I know, but the crashes were absolutely random. At times it could go on compiling for hours (I once made a whole emerge -e system without having it crashing), and it would then panic after less than 20 minutes as I tried compiling something later on.

----------

## nielchiano

 *Mamour wrote:*   

>  *nielchiano wrote:*   I don't think that's my problem, since if I don't use the bridge, I can recompile gcc+glibc without any problem at all. (as you know, recompiling gcc+glibc on a P2 400MHz does take a while @ 100%...) 
> 
> I know, but the crashes were absolutely random. At times it could go on compiling for hours (I once made a whole emerge -e system without having it crashing), and it would then panic after less than 20 minutes as I tried compiling something later on.

 

To rule that out, I was able to reproduce the problem on a different computer. The only thing the two machines have in common is the wall-outlet and the switch.
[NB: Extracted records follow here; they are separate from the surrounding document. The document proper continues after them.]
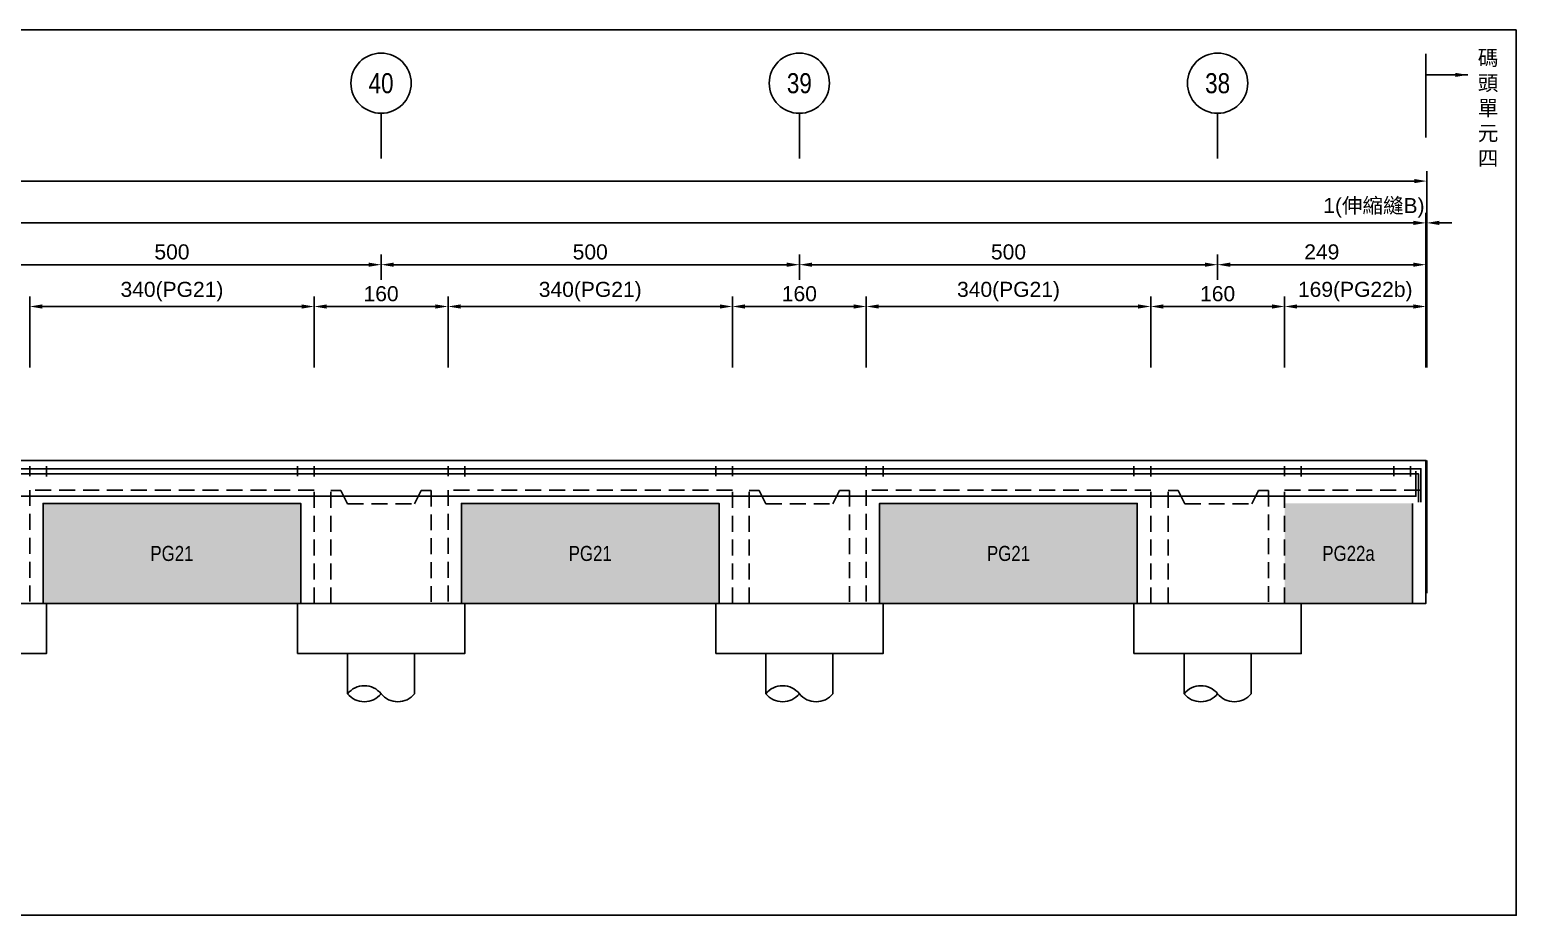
# Model space of a CAD drawing. Header units: millimetres. Extents: x 4668 to 40173, y -3560 to 14620.
# Drawn here: x 7651 to 9428, y 792 to 1851 of the extents above; entities that cross this region are included whole.
import ezdxf
from ezdxf.enums import TextEntityAlignment as Align

# ---------------------------------------------------------------- set-up
doc = ezdxf.new("R2010")
doc.units = ezdxf.units.MM
doc.linetypes.add('CENTER', pattern=[50.8, 31.75, -6.35, 6.35, -6.35])
doc.linetypes.add('HIDDEN', pattern=[9.525, 6.35, -3.175])
doc.layers.get('0').transparency = 0.5
doc.layers.add('HB_0', color=7, linetype='Continuous', transparency=0.5)
for name, color, linetype in [('HB_DIM', 1, 'Continuous'), ('HB_SYMBOLS', 7, 'Continuous'), ('HB_TXT_CTEXT', 2, 'Continuous'), ('底圖', 7, 'Continuous'), ('鋼筋', 3, 'Continuous')]:
    doc.layers.add(name, color=color, linetype=linetype)
doc.styles.get("Standard").update_dxf_attribs({"font": 'arial.ttf'})
doc.dimstyles.new('60', dxfattribs={"dimscale": 6, "dimtxt": 3, "dimasz": 2.5, "dimexe": 2, "dimexo": 2, "dimgap": 1, "dimtad": 1, "dimdec": 0, "dimdsep": 46, "dimtxsty": 'Standard', "dimcen": 0, "dimclrd": 1, "dimclre": 1, "dimclrt": 2, "dimadec": 0, "dimazin": 0, "dimtfac": 1, "dimtdec": 0, "dimtix": 1, "dimtmove": 2, "dimatfit": 3, "dimfxl": 1, "dimtolj": 1, "dimtzin": 0, "dimarcsym": 0})

# ---------------------------------------------------------------- blocks, each defined once
blk = doc.blocks.new('*D21')
at = {"layer": 'Defpoints', "color": 0}
for p in [(9320.4, 1620.2), (9320.4, 1435.2), (9321.4, 1435.2)]:
    blk.add_point(p, dxfattribs=at)
at = {"layer": 'HB_DIM', "color": 1, "lineweight": -2}
for p, q in [((9305.4, 1620.2), (9290.4, 1620.2)), ((9320.4, 1447.2), (9320.4, 1632.2)), ((9321.4, 1620.2), (9320.4, 1620.2)), ((9321.4, 1447.2), (9321.4, 1632.2)), ((9336.4, 1620.2), (9351.4, 1620.2))]:
    blk.add_line(p, q, dxfattribs=at)
at = {"layer": 'HB_DIM', "color": 1}
for points in [[(9305.4, 1617.7), (9305.4, 1622.7), (9320.4, 1620.2)], [(9336.4, 1622.7), (9336.4, 1617.7), (9321.4, 1620.2)]]:
    blk.add_solid(points, dxfattribs=at)
at = {"layer": 'HB_DIM', "color": 2, "insert": (9258.2, 1638.2), "char_height": 18, "attachment_point": 5}
blk.add_mtext('\\A1;1(伸縮縫B)', dxfattribs=at)
blk = doc.blocks.new('*D28')
at = {"layer": 'Defpoints', "color": 0}
for p in [(9320.4, 1570.2), (9071.4, 1540.2), (9320.4, 1540.2)]:
    blk.add_point(p, dxfattribs=at)
at = {"layer": 'HB_DIM', "color": 1, "lineweight": -2}
for p, q in [((9071.4, 1552.2), (9071.4, 1582.2)), ((9320.4, 1552.2), (9320.4, 1582.2)), ((9086.4, 1570.2), (9305.4, 1570.2))]:
    blk.add_line(p, q, dxfattribs=at)
at = {"layer": 'HB_DIM', "color": 1}
for points in [[(9086.4, 1572.7), (9086.4, 1567.7), (9071.4, 1570.2)], [(9305.4, 1567.7), (9305.4, 1572.7), (9320.4, 1570.2)]]:
    blk.add_solid(points, dxfattribs=at)
at = {"layer": 'HB_DIM', "color": 2, "insert": (9195.9, 1585.4), "char_height": 18, "attachment_point": 5}
blk.add_mtext('\\A1;249', dxfattribs=at)
blk = doc.blocks.new('*D29')
at = {"layer": 'Defpoints', "color": 0}
for p in [(8571.4, 1570.2), (8571.4, 1540.2), (9071.4, 1540.2)]:
    blk.add_point(p, dxfattribs=at)
at = {"layer": 'HB_DIM', "color": 1, "lineweight": -2}
for p, q in [((8571.4, 1552.2), (8571.4, 1582.2)), ((9071.4, 1552.2), (9071.4, 1582.2)), ((9056.4, 1570.2), (8586.4, 1570.2))]:
    blk.add_line(p, q, dxfattribs=at)
at = {"layer": 'HB_DIM', "color": 1}
for points in [[(8586.4, 1572.7), (8586.4, 1567.7), (8571.4, 1570.2)], [(9056.4, 1567.7), (9056.4, 1572.7), (9071.4, 1570.2)]]:
    blk.add_solid(points, dxfattribs=at)
at = {"layer": 'HB_DIM', "color": 2, "insert": (8821.4, 1585.4), "char_height": 18, "attachment_point": 5}
blk.add_mtext('\\A1;500', dxfattribs=at)
blk = doc.blocks.new('*D30')
at = {"layer": 'Defpoints', "color": 0}
for p in [(8071.4, 1570.2), (8071.4, 1540.2), (8571.4, 1540.2)]:
    blk.add_point(p, dxfattribs=at)
at = {"layer": 'HB_DIM', "color": 1, "lineweight": -2}
for p, q in [((8071.4, 1552.2), (8071.4, 1582.2)), ((8571.4, 1552.2), (8571.4, 1582.2)), ((8556.4, 1570.2), (8086.4, 1570.2))]:
    blk.add_line(p, q, dxfattribs=at)
at = {"layer": 'HB_DIM', "color": 1}
for points in [[(8086.4, 1572.7), (8086.4, 1567.7), (8071.4, 1570.2)], [(8556.4, 1567.7), (8556.4, 1572.7), (8571.4, 1570.2)]]:
    blk.add_solid(points, dxfattribs=at)
at = {"layer": 'HB_DIM', "color": 2, "insert": (8321.4, 1585.4), "char_height": 18, "attachment_point": 5}
blk.add_mtext('\\A1;500', dxfattribs=at)
blk = doc.blocks.new('*D31')
at = {"layer": 'Defpoints', "color": 0}
for p in [(7571.4, 1570.2), (7571.4, 1540.2), (8071.4, 1540.2)]:
    blk.add_point(p, dxfattribs=at)
at = {"layer": 'HB_DIM', "color": 1, "lineweight": -2}
for p, q in [((7571.4, 1552.2), (7571.4, 1582.2)), ((8071.4, 1552.2), (8071.4, 1582.2)), ((8056.4, 1570.2), (7586.4, 1570.2))]:
    blk.add_line(p, q, dxfattribs=at)
at = {"layer": 'HB_DIM', "color": 1}
for points in [[(7586.4, 1572.7), (7586.4, 1567.7), (7571.4, 1570.2)], [(8056.4, 1567.7), (8056.4, 1572.7), (8071.4, 1570.2)]]:
    blk.add_solid(points, dxfattribs=at)
at = {"layer": 'HB_DIM', "color": 2, "insert": (7821.4, 1585.4), "char_height": 18, "attachment_point": 5}
blk.add_mtext('\\A1;500', dxfattribs=at)
blk = doc.blocks.new('預鑄樁帽2x2')
at = {"layer": 'HB_0'}
blk.add_lwpolyline([(-100, 0), (100, 0), (100, 60), (-100, 60)], close=True, dxfattribs=at)
blk = doc.blocks.new('預鑄樁帽&樁800直')
at = {"layer": 'HB_0', "linetype": 'Continuous'}
for p, q in [((-40, -108.1), (-40, -60)), ((40, -108.1), (40, -60))]:
    blk.add_line(p, q, dxfattribs=at)
for points in [[(-40, -108.1, -0.48), (0, -108.1, 0.48), (40, -108.1, 0.48)], [(-40, -108.1, 0.48), (0, -108.1, 0.48)]]:
    blk.add_lwpolyline(points, format="xyb", dxfattribs=at)
at = {"layer": 'HB_0'}
blk.add_blockref('預鑄樁帽2x2', (0, -60), dxfattribs=at)
blk = doc.blocks.new('*D36')
at = {"layer": 'Defpoints', "color": 0}
for p in [(9320.4, 1620.2), (4822.4, 1435.2), (9320.4, 1435.2)]:
    blk.add_point(p, dxfattribs=at)
at = {"layer": 'HB_DIM', "color": 1, "lineweight": -2}
for p, q in [((4822.4, 1447.2), (4822.4, 1632.2)), ((4837.4, 1620.2), (9305.4, 1620.2)), ((9320.4, 1447.2), (9320.4, 1632.2))]:
    blk.add_line(p, q, dxfattribs=at)
at = {"layer": 'HB_DIM', "color": 1}
for points in [[(4837.4, 1622.7), (4837.4, 1617.7), (4822.4, 1620.2)], [(9305.4, 1617.7), (9305.4, 1622.7), (9320.4, 1620.2)]]:
    blk.add_solid(points, dxfattribs=at)
at = {"layer": 'HB_DIM', "color": 2, "insert": (7071.4, 1635.4), "char_height": 18, "attachment_point": 5}
blk.add_mtext('\\A1;4498', dxfattribs=at)
blk = doc.blocks.new('*D37')
at = {"layer": 'Defpoints', "color": 0}
for p in [(9321.4, 1670.2), (4821.4, 1435.2), (9321.4, 1435.2)]:
    blk.add_point(p, dxfattribs=at)
at = {"layer": 'HB_DIM', "color": 1, "lineweight": -2}
for p, q in [((4821.4, 1447.2), (4821.4, 1682.2)), ((9321.4, 1447.2), (9321.4, 1682.2)), ((4836.4, 1670.2), (9306.4, 1670.2))]:
    blk.add_line(p, q, dxfattribs=at)
at = {"layer": 'HB_DIM', "color": 1}
for points in [[(4836.4, 1672.7), (4836.4, 1667.7), (4821.4, 1670.2)], [(9306.4, 1667.7), (9306.4, 1672.7), (9321.4, 1670.2)]]:
    blk.add_solid(points, dxfattribs=at)
at = {"layer": 'HB_DIM', "color": 2, "insert": (7071.4, 1685.4), "char_height": 18, "attachment_point": 5}
blk.add_mtext('\\A1;4500', dxfattribs=at)
blk = doc.blocks.new('*D45')
at = {"layer": 'Defpoints', "color": 0}
for p in [(8491.4, 1520.2), (8151.4, 1435.2), (8491.4, 1435.2)]:
    blk.add_point(p, dxfattribs=at)
at = {"layer": 'HB_DIM', "color": 1, "lineweight": -2}
for p, q in [((8151.4, 1447.2), (8151.4, 1532.2)), ((8491.4, 1447.2), (8491.4, 1532.2)), ((8166.4, 1520.2), (8476.4, 1520.2))]:
    blk.add_line(p, q, dxfattribs=at)
at = {"layer": 'HB_DIM', "color": 1}
for points in [[(8166.4, 1522.7), (8166.4, 1517.7), (8151.4, 1520.2)], [(8476.4, 1517.7), (8476.4, 1522.7), (8491.4, 1520.2)]]:
    blk.add_solid(points, dxfattribs=at)
at = {"layer": 'HB_DIM', "color": 2, "insert": (8321.4, 1538), "char_height": 18, "attachment_point": 5}
blk.add_mtext('\\A1;340(PG21)', dxfattribs=at)
blk = doc.blocks.new('*D46')
at = {"layer": 'Defpoints', "color": 0}
for p in [(8991.4, 1520.2), (8651.4, 1435.2), (8991.4, 1435.2)]:
    blk.add_point(p, dxfattribs=at)
at = {"layer": 'HB_DIM', "color": 1, "lineweight": -2}
for p, q in [((8651.4, 1447.2), (8651.4, 1532.2)), ((8991.4, 1447.2), (8991.4, 1532.2)), ((8666.4, 1520.2), (8976.4, 1520.2))]:
    blk.add_line(p, q, dxfattribs=at)
at = {"layer": 'HB_DIM', "color": 1}
for points in [[(8666.4, 1522.7), (8666.4, 1517.7), (8651.4, 1520.2)], [(8976.4, 1517.7), (8976.4, 1522.7), (8991.4, 1520.2)]]:
    blk.add_solid(points, dxfattribs=at)
at = {"layer": 'HB_DIM', "color": 2, "insert": (8821.4, 1538), "char_height": 18, "attachment_point": 5}
blk.add_mtext('\\A1;340(PG21)', dxfattribs=at)
blk = doc.blocks.new('*D48')
at = {"layer": 'Defpoints', "color": 0}
for p in [(7991.4, 1520.2), (7991.4, 1435.2), (8151.4, 1435.2)]:
    blk.add_point(p, dxfattribs=at)
at = {"layer": 'HB_DIM', "color": 1, "lineweight": -2}
for p, q in [((7991.4, 1447.2), (7991.4, 1532.2)), ((8151.4, 1447.2), (8151.4, 1532.2)), ((8136.4, 1520.2), (8006.4, 1520.2))]:
    blk.add_line(p, q, dxfattribs=at)
at = {"layer": 'HB_DIM', "color": 1}
for points in [[(8006.4, 1522.7), (8006.4, 1517.7), (7991.4, 1520.2)], [(8136.4, 1517.7), (8136.4, 1522.7), (8151.4, 1520.2)]]:
    blk.add_solid(points, dxfattribs=at)
at = {"layer": 'HB_DIM', "color": 2, "insert": (8071.4, 1535.4), "char_height": 18, "attachment_point": 5}
blk.add_mtext('\\A1;160', dxfattribs=at)
blk = doc.blocks.new('*D49')
at = {"layer": 'Defpoints', "color": 0}
for p in [(7991.4, 1520.2), (7651.4, 1435.2), (7991.4, 1435.2)]:
    blk.add_point(p, dxfattribs=at)
at = {"layer": 'HB_DIM', "color": 1, "lineweight": -2}
for p, q in [((7651.4, 1447.2), (7651.4, 1532.2)), ((7991.4, 1447.2), (7991.4, 1532.2)), ((7666.4, 1520.2), (7976.4, 1520.2))]:
    blk.add_line(p, q, dxfattribs=at)
at = {"layer": 'HB_DIM', "color": 1}
for points in [[(7666.4, 1522.7), (7666.4, 1517.7), (7651.4, 1520.2)], [(7976.4, 1517.7), (7976.4, 1522.7), (7991.4, 1520.2)]]:
    blk.add_solid(points, dxfattribs=at)
at = {"layer": 'HB_DIM', "color": 2, "insert": (7821.4, 1538), "char_height": 18, "attachment_point": 5}
blk.add_mtext('\\A1;340(PG21)', dxfattribs=at)
blk = doc.blocks.new('*D51')
at = {"layer": 'Defpoints', "color": 0}
for p in [(8491.4, 1520.2), (8491.4, 1435.2), (8651.4, 1435.2)]:
    blk.add_point(p, dxfattribs=at)
at = {"layer": 'HB_DIM', "color": 1, "lineweight": -2}
for p, q in [((8491.4, 1447.2), (8491.4, 1532.2)), ((8651.4, 1447.2), (8651.4, 1532.2)), ((8636.4, 1520.2), (8506.4, 1520.2))]:
    blk.add_line(p, q, dxfattribs=at)
at = {"layer": 'HB_DIM', "color": 1}
for points in [[(8506.4, 1522.7), (8506.4, 1517.7), (8491.4, 1520.2)], [(8636.4, 1517.7), (8636.4, 1522.7), (8651.4, 1520.2)]]:
    blk.add_solid(points, dxfattribs=at)
at = {"layer": 'HB_DIM', "color": 2, "insert": (8571.4, 1535.4), "char_height": 18, "attachment_point": 5}
blk.add_mtext('\\A1;160', dxfattribs=at)
blk = doc.blocks.new('*D52')
at = {"layer": 'Defpoints', "color": 0}
for p in [(8991.4, 1520.2), (8991.4, 1435.2), (9151.4, 1435.2)]:
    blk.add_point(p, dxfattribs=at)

I'm now recompiling without PREEMPT, and see where that brings me

----------

## nielchiano

 *nielchiano wrote:*   

> I'm now recompiling without PREEMPT, and see where that brings me

 

to the start... panic'ed again...

----------

## Mamour

 *nielchiano wrote:*   

>  *nielchiano wrote:*   I'm now recompiling without PREEMPT, and see where that brings me 
> 
> to the start... panic'ed again...

 

Bad news  :Sad: ... I guess your situation boils down to two alternatives. Either you've hit some obscure kernel bug, or you're having a hardware issue. I had the latter myself when my system kept crashing under heavy loads, and it's more probable than the kernel bug theory.

What kind of computer are you using? How powerful is your power supply? Too low wattage really does take its toll on a heavily used system, I can vouch for that.

----------